Chi avrebbe immaginato nell’autunno scorso quando il coronavirus imperversava in Croazia (e non solo) e le previsioni per la stagione turistica erano alquanto timide, che già il mese di giugno avrebbe potuto dare all’industria dell’ospitalità delle così belle e grandi soddisfazioni?

Nei primi 15 giorni di giugno in Croazia sono stati registrati 1,1 milione di arrivi e 5,5 milioni di pernottamenti per un aumento su base annua del 135 per cento per quanto riguarda le presenze e del 145 per cento per ciò che concerne i pernottamenti. Rispetto al 2019, anno record per il settore turistico, siamo a -3 per cento per gli arrivi e +6 per cento per i pernottamenti. Lo scrive il quotidiano Jutarnji list.

Stando ai dati diffusi dall’Ente croato per il turismo (HTZ) è l’Istria a farla da padrona. Nella penisola infatti è stato registrato il maggior numero di pernottamenti (2,1 milioni per un aumento del 21 per cento nei confronti del 2019). Secondo posto per il Quarnero con 960mila e +8% rispetto a tre anni. Al terzo posto troviamo la Regione di Spalato e della Dalmazia (873mila il che rappresenta il 95 per cento di quanto avuto nel 2019). E queste sono le destinazioni più popolari: Rovigno, Parenzo, Dubrovnik (Ragusa), Medolino, Umago e Spalato.

A scegliere di compiere una vacanza in Croazia nelle prime due settimane di giugno sono stati soprattutto i turisti tedeschi. Si registra il ritorno di quelli austriaci mentre al terzo posto ci sono i villeggianti nazionali seguiti da sloveni e polacchi. Gli ospiti hanno optato per una sistemazione in albergo (1,4 milioni di pernottamenti), nei campeggi (1,5 milioni) e presso affittacamere privati (1,7 milioni di pernottamenti). Nel segmento del charter nautico i pernottamenti sono stati 255mila.

E anche il prosieguo della stagione dovrebbe filare liscio per la gioia degli operatori turistici.

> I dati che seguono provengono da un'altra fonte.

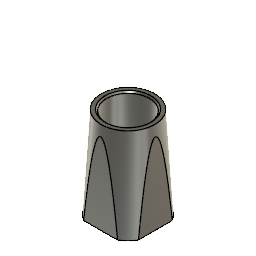
GPU jack base v2 (Autodesk Fusion 360 design; units mm, degrees)
Autodesk Fusion 360 part; units mm, degrees
sketch "Sketch1" plane through (0, 0, 0) normal (0, 1, 0) x (1, 0, 0)
  line L0 (-9, 0) -> (9, 0)
  line L1 (9, 0) -> (9, -30)
  line L2 (9, -30) -> (-9, -30)
  line L3 (-9, -30) -> (-9, 0)
  dimension "d1" = 18
  dimension "d2" = 30
  constraint horizontal L0
  constraint vertical L1
  constraint horizontal L2
  constraint vertical L3
  measures "d1" distance of L0.start L0.end
  measures "d2" distance of L0.start L2.end
extrude "Extrude1" add sketch "Sketch1" along normal blind 18
sketch "Sketch3" plane through (0, 0, 30) normal (0, 0, 1) x (-1, 0, 0)
  line L0 (9, 0) -> (-9, 0)
  line L1 (-9, 0) -> (-9, -18)
  line L2 (-9, -18) -> (9, -18)
  line L3 (9, -18) -> (9, 0)
  circle A0 centre (0, -9) radius 7.05
  dimension "d6" = 14.1
  measures "d6" diameter of A0
extrude "Extrude2" cut sketch "Sketch3" against normal blind 12 contours A0
chamfer "Chamfer1" distance 0.5 angle 45 1 edges at (6.5729, 6.4506, 30)
move_body "Move1" bodies 1 to x (1, 0, 0) y (0, 1, 0) z (0, 0, 1) at (0, -9, 0)
sketch "Sketch4" plane through (0, 0, 0) normal (0, 1, 0) x (1, 0, 0)
  line L0 (6, -77) -> (11, 7)
  line L1 (11, 7) -> (65, -11)
  line L2 (65, -11) -> (6, -77)
revolve "Revolve1" cut sketch "Sketch4" angle 360 about axis through (0, 0, 1.75) along (0, 0, 1)
equation "d2 = 18 mm + 12 mm"
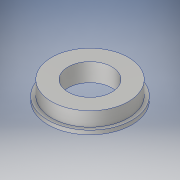
# Autodesk Inventor part: F6801_2019
Saved by Autodesk Inventor 2019.4 (Build 234330000, 330)
## iProperties
Created: 2020-02-07
Part Number: F6801_2019
Material: Aluminum 6061
Document SubType Name: Modeling
Designer: Paul Lefeuvre
Density: 2.7 g/cm^3
Appearance: Aluminum - Flat
Author: Paul Lefeuvre
Autodesk Inventor part; units mm, degrees
ref_plane "YZ Plane" through (0, 0, 0) normal (1, 0, 0) x (0, 1, 0)
ref_plane "XZ Plane" through (0, 0, 0) normal (0, 1, 0) x (-1, 0, 0)
ref_plane "XY Plane" through (0, 0, 0) normal (0, 0, 1) x (1, 0, 0)
sketch "Sketch1" plane through (0, 0, 0) normal (0, 0, 1) x (1, 0, 0)
  line L0 (6, 0) -> (11.5, 0)
  line L1 (11.5, 0) -> (11.5, 1.1)
  line L2 (6, 5) -> (10.5, 5)
  line L3 (10.5, 5) -> (10.5, 1.1)
  line L4 (10.5, 1.1) -> (11.5, 1.1)
  line L5 (0, 5) -> (0, 0)
  line L6 (6, 5) -> (6, 0)
  dimension "d0" = 11.5
  dimension "d1" = 1.1
  dimension "d2" = 10.5
  dimension "d3" = 3.9
  dimension "d4" = 6
  constraints: 14 end point, 5 perpendicular, 2 horizontal, 2 point on line
  measures "d0" distance of L5.end L0.end
  measures "d1" distance of L0.end L1.end
  measures "d2" distance of L5.start L2.end
  measures "d3" distance of L2.end L3.end
  measures "d4" distance between parallel lines of L5 L6
revolve "Revolution1" add sketch "Sketch1" angle 360 about axis through (0, 5, 0) along (0, -1, 0)
body "Solid1"
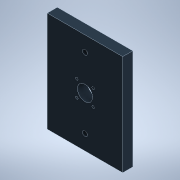
# Autodesk Inventor part: Soporte Pistón
Saved by Autodesk Inventor 2021 (Build 250183000, 183)
## iProperties
Created: 2021-05-02
Part Number: Soporte Pistón
Material: Generic
Document SubType Name: Modeling
Designer: maaro
Density: 1 g/cm^3
Appearance: Default(1)
Author: maaro
Autodesk Inventor part; units mm, degrees
ref_plane "YZ Plane" through (0, 0, 0) normal (1, 0, 0) x (0, 1, 0)
ref_plane "XZ Plane" through (0, 0, 0) normal (0, 1, 0) x (-1, 0, 0)
ref_plane "XY Plane" through (0, 0, 0) normal (0, 0, 1) x (1, 0, 0)
ref_plane "Work Plane1" through (0, 0, 0) normal (0, 0, 1) x (1, 0, 0)
sketch "Sketch1" plane through (0, 0, 0) normal (0, 0, 1) x (1, 0, 0)
  line L0 (-75, -117.1) -> (75, -117.1) projected
  line L1 (75, -117.1) -> (75, 82.9) projected
  line L2 (75, 82.9) -> (-75, 82.9) projected
  line L3 (-75, 82.9) -> (-75, -117.1) projected
  point P0 (0, -17.1)
  dimension "d11" = 100
  measures "d11" distance from line of L2 point (0, -17.1)
extrude "Extrusion1" add sketch "Sketch1" along normal blind 20
sketch "Sketch2" plane through (0, 0, 20) normal (0, 0, 1) x (1, 0, 0)
  circle A0 centre (0, -17.1) radius 15
  line L0 (75, 82.9) -> (-75, 82.9) projected
  line L1 (-75, 82.9) -> (-75, -117.1) projected
  circle A1 centre (-16.25, -0.85) radius 2.5
  circle A2 centre (16.25, -0.85) radius 2.5
  circle A3 centre (-16.25, -33.35) radius 2.5
  circle A4 centre (16.25, -33.35) radius 2.5
  point P0 (0, 0)
  dimension "d6" = 30
  dimension "d7" = 100
  dimension "d8" = 75
  dimension "d15" = 5
  dimension "d16" = 16.25
  dimension "d17" = 16.25
  dimension "d18" = 16.25
  dimension "d19" = 16.25
  dimension "d20" = 16.25
  dimension "d21" = 16.25
  dimension "d22" = 16.25
  dimension "d23" = 16.25
  constraints: 5 centre point, 3 equal radius
  measures "d6" diameter of A0
  measures "d7" distance from line of L0 A0.centre
  measures "d8" distance from line of L1 A0.centre
  measures "d15" diameter of A4
  measures "d16" horizontal distance of A0.centre A1.centre
  measures "d17" horizontal distance of A0.centre A1.centre
  measures "d18" horizontal distance of A0.centre A2.centre
  measures "d19" horizontal distance of A2.centre A0.centre
  measures "d20" horizontal distance of A0.centre A3.centre
  measures "d21" horizontal distance of A0.centre A3.centre
  measures "d22" horizontal distance of A0.centre A4.centre
  measures "d23" horizontal distance of A0.centre A4.centre
extrude "Extrusion2" cut sketch "Sketch2" against normal through all
sketch "Sketch4" plane through (0, 0, 0) normal (0, 0, -1) x (-1, 0, 0)
  circle A0 centre (0, -17.1) radius 15 projected
  circle A1 centre (0, 52.9) radius 8
  circle A2 centre (0, -87.1) radius 8
  point P0 (0, 0)
  dimension "d33" = 70
  dimension "d34" = 70
  dimension "d35" = 16
  constraints: 2 centre point, 2 coincident, 1 equal radius
  measures "d33" distance of A0.centre point (0, 52.9)
  measures "d34" distance of point (0, -87.1) A0.centre
  measures "d35" diameter of A1
extrude "Extrusion3" cut sketch "Sketch4" against normal blind 8 contours A1 | A2
sketch "Sketch5" plane through (0, 0, 20) normal (0, 0, 1) x (1, 0, 0)
  circle A0 centre (0, -17.1) radius 15 projected
  point P0 (0, 0)
  point P1 (0, -87.1)
  point P2 (0, 52.9)
  dimension "d38" = 70
  dimension "d39" = 70
  measures "d38" distance of A0.centre point (0, -87.1)
  measures "d39" distance of point (0, 52.9) A0.centre
hole "Hole2" at (0, -87.1, 20) at (0, 52.9, 20) direction (0, 0, -1) diameter 6.647 end through all counterbore diameter 10 counterbore depth 6 thread size "M8x1.25" class "6H" standard "ISO Metric profile"
equation "\"d17\" = d16"
equation "\"d18\" = d16"
equation "\"d19\" = d16"
equation "\"d20\" = d16"
equation "\"d21\" = d16"
equation "\"d22\" = d16"
equation "\"d23\" = d16"
body "Solid1"

È il pronostico fatto da Boris Žgomba, membro del Comitato esecutivo dell’ECTAA, l’Associazione europea degli agenti di viaggio e tour operator, presidente dell’Associazione delle agenzie di viaggi presso la Camera croata di economia e direttore generale di Uniline, la società Dmc leader in Croazia e nella regione che si occupa dell’organizzazione di servizi logistici per il turismo per vacanza e per affari. “Andremo avanti di questo ritmo anche nei prossimi mesi. Il mercato turistico è molto vivo. Gli unici fattori che potrebbero mettere il bastone tra le ruote sono gli aumenti dei prezzi e delle spese, ma questi sono problemi che anche gli altri Paesi devono affrontare. Tutti tendono ad alzare i prezzi”, ha detto Žgomba.

Dicevamo prima dei campeggi che coprono il 25 per cento dei pernottamenti in Croazia. Ce ne sono 839 che in un giorno possono ospitare circa 255mila persone. Questo settore ha registrato fino al 14 giugno poco più di 3 milioni di pernottamenti, ossia 2,5 volte di più rispetto all’anno scorso. Nei confronti del 2019 invece ha potuto contare su un aumento del 26 per cento.

Insomma, la voglia di viaggiare è molto forte come lo è il desiderio di tornare ad una vita normale dopo due anni di restrizioni dovuti alla pandemia.